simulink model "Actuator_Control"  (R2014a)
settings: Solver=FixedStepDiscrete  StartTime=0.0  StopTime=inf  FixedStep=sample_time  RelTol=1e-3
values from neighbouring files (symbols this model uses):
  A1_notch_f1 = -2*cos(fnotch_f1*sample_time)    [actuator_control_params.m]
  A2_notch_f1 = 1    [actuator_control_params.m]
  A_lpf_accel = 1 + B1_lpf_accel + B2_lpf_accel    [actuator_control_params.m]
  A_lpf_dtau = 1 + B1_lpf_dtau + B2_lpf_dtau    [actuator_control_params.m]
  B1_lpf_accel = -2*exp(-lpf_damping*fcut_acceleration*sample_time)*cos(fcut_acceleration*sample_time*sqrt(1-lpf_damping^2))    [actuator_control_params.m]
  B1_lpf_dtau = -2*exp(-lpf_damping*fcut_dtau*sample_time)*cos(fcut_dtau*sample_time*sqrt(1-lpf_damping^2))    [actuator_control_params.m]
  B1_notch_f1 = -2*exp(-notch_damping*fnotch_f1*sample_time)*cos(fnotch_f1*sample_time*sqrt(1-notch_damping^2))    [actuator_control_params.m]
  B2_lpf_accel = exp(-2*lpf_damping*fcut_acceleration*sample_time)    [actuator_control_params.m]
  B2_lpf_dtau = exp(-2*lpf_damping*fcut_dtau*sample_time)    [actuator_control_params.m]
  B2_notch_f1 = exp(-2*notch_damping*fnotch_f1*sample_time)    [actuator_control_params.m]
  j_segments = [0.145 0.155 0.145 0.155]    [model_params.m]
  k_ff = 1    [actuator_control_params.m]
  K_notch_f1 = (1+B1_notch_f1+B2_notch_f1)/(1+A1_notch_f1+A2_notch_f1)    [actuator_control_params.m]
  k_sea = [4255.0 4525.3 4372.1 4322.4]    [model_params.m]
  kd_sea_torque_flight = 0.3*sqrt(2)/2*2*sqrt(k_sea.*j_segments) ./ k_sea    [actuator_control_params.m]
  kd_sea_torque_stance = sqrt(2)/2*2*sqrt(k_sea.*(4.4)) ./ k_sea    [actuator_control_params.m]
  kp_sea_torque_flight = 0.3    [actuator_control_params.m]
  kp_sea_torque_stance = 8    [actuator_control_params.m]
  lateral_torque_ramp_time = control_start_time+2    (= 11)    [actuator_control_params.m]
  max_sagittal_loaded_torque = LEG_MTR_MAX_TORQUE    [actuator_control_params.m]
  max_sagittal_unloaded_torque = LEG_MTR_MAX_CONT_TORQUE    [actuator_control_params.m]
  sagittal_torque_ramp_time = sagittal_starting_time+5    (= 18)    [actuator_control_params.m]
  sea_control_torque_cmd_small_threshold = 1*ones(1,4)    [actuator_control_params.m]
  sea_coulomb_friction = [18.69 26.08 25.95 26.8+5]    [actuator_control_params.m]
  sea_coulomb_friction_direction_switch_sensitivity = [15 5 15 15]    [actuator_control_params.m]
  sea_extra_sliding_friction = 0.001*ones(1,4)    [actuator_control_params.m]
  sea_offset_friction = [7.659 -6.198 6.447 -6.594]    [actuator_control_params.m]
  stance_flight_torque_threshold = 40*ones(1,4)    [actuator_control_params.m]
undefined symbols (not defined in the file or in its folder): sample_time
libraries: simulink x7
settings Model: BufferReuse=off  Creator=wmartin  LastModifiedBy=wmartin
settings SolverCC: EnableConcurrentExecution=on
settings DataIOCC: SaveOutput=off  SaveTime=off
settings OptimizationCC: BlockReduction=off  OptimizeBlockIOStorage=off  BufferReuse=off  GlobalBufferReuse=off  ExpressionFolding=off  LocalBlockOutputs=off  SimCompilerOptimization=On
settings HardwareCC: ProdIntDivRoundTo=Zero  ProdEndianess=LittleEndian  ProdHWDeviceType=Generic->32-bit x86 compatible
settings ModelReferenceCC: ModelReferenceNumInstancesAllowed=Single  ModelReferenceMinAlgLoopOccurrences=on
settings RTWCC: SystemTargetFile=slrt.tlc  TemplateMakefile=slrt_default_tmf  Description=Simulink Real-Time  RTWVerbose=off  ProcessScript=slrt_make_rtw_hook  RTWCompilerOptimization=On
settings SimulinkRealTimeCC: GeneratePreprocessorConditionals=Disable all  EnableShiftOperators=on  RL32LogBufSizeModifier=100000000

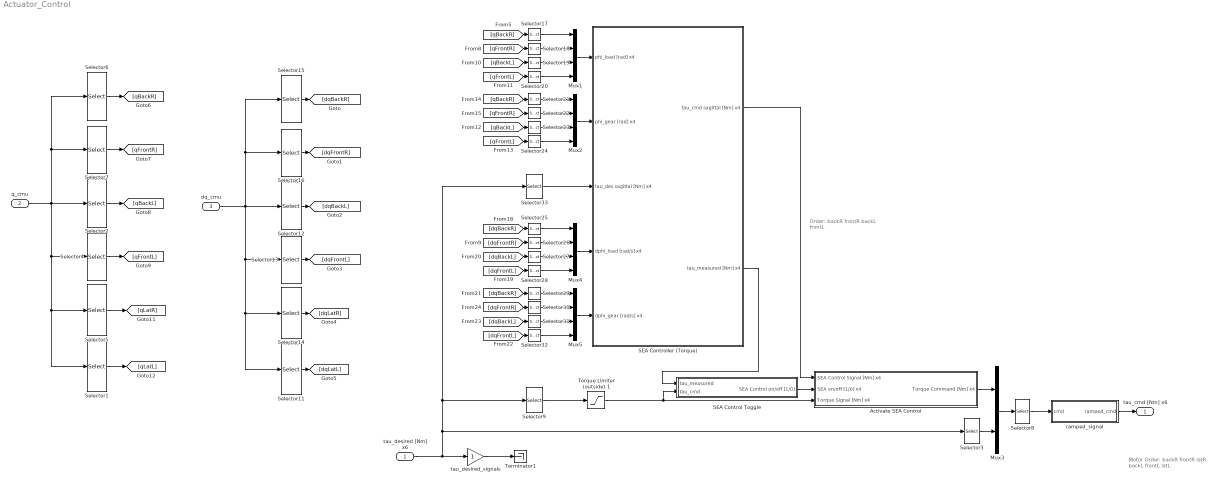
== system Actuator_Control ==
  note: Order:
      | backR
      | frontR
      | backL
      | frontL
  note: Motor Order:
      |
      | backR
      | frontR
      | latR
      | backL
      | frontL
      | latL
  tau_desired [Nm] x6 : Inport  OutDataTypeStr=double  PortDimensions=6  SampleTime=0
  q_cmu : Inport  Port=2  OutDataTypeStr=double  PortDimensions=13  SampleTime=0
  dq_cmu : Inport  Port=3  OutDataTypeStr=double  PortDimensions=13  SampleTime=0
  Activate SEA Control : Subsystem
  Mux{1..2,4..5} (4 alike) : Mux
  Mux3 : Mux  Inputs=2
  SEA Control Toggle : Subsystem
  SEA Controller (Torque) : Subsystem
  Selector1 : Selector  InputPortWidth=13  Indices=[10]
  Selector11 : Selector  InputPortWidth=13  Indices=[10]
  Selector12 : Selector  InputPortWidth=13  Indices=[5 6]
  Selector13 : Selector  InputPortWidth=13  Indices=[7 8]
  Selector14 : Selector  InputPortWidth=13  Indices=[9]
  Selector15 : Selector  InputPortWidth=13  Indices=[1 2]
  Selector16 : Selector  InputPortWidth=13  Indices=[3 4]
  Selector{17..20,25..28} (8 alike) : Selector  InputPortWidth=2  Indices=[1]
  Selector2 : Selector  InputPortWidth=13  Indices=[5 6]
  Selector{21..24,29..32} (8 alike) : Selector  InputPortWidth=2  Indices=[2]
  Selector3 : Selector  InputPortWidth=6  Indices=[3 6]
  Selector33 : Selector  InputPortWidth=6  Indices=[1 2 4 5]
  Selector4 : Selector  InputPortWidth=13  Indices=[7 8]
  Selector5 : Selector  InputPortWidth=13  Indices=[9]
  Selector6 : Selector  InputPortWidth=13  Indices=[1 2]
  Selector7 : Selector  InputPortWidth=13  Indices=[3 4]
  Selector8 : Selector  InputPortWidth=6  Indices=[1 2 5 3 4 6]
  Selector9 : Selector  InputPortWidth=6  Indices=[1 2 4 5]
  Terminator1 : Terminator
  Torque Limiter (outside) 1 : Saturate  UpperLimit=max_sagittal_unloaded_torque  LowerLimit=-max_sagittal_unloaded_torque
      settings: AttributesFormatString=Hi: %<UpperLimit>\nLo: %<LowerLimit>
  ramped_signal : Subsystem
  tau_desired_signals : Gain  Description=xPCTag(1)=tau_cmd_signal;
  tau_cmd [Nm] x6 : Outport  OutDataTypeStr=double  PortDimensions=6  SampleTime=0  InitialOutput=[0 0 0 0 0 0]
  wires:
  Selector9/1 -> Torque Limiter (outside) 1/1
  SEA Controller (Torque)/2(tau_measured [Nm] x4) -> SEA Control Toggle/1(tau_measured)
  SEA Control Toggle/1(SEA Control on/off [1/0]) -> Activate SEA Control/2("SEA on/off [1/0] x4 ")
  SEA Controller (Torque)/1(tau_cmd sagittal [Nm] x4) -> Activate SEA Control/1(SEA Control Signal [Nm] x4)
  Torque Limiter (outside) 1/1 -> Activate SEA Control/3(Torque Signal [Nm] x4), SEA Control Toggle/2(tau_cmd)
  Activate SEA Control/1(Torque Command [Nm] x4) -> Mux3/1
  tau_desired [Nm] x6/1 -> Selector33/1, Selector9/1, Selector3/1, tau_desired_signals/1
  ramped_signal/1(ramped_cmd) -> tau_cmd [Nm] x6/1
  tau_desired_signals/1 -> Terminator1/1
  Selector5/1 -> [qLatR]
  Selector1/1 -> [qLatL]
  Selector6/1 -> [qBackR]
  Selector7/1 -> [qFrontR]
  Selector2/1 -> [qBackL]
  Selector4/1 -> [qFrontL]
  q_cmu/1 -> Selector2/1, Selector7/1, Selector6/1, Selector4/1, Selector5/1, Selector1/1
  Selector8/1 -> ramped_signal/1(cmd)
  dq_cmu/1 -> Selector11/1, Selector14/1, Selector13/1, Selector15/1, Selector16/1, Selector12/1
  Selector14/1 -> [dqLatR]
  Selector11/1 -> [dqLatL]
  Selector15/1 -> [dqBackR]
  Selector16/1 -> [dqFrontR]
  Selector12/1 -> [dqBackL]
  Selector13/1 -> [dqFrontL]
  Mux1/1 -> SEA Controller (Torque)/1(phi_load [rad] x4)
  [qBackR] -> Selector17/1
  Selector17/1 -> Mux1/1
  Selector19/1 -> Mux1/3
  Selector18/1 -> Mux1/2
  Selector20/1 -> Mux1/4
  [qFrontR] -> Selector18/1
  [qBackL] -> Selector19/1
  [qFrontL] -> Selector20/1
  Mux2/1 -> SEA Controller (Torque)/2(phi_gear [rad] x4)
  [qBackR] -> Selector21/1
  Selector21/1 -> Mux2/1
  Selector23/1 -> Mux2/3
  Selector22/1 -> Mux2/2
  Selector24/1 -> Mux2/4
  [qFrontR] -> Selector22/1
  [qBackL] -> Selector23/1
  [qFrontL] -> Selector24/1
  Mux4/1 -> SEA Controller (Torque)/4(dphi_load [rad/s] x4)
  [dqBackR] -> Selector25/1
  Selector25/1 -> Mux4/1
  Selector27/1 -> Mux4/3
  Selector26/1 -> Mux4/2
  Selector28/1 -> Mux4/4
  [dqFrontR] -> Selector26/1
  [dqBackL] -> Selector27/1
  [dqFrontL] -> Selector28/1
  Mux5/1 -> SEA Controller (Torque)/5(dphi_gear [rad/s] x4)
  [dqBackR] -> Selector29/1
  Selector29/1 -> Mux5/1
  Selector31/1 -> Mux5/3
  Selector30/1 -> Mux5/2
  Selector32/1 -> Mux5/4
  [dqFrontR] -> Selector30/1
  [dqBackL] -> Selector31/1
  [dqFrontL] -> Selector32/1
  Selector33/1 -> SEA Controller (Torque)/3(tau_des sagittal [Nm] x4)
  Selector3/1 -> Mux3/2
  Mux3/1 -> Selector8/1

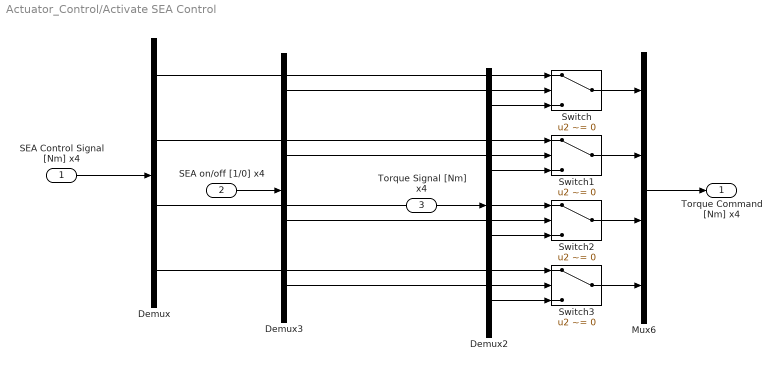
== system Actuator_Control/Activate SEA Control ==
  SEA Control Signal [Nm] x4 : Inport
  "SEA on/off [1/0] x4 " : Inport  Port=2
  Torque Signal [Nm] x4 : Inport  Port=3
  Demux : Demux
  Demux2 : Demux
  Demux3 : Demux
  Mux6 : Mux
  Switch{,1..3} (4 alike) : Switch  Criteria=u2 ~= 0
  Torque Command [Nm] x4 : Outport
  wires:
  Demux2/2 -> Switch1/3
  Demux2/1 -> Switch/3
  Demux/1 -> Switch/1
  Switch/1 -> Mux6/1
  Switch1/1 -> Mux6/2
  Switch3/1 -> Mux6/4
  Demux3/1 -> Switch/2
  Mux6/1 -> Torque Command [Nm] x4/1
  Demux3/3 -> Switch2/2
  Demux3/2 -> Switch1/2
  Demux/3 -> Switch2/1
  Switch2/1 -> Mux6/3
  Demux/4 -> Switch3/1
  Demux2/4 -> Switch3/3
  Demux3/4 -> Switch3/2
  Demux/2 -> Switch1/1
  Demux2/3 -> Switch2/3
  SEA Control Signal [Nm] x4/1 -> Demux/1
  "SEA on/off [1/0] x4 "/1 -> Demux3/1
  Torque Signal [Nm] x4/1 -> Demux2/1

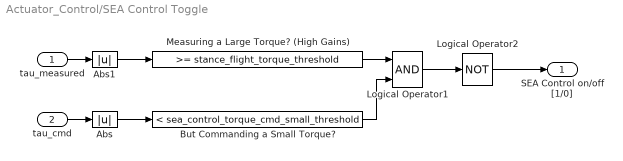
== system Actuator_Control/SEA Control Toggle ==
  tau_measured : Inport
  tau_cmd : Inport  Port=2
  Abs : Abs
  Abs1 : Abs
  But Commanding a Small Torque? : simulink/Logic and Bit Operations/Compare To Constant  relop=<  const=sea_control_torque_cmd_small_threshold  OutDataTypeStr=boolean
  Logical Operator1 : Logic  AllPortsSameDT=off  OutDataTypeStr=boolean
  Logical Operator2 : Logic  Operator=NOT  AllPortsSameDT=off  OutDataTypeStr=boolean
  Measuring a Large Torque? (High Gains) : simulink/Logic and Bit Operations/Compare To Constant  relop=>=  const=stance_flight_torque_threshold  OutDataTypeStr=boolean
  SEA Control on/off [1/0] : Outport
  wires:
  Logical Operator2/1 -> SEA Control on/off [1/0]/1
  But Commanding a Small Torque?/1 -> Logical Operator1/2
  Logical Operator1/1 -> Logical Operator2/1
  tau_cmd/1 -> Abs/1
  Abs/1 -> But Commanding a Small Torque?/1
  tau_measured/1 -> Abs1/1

**EXERCISE**: Could you please copy the lines of the listing above exactly, from its first line through the line bearing "A_lpf_dtau = 1", and nothing more?

**RESULT OF THE TASK**:
simulink model "Actuator_Control"  (R2014a)
settings: Solver=FixedStepDiscrete  StartTime=0.0  StopTime=inf  FixedStep=sample_time  RelTol=1e-3
values from neighbouring files (symbols this model uses):
  A1_notch_f1 = -2*cos(fnotch_f1*sample_time)    [actuator_control_params.m]
  A2_notch_f1 = 1    [actuator_control_params.m]
  A_lpf_accel = 1 + B1_lpf_accel + B2_lpf_accel    [actuator_control_params.m]
  A_lpf_dtau = 1 + B1_lpf_dtau + B2_lpf_dtau    [actuator_control_params.m]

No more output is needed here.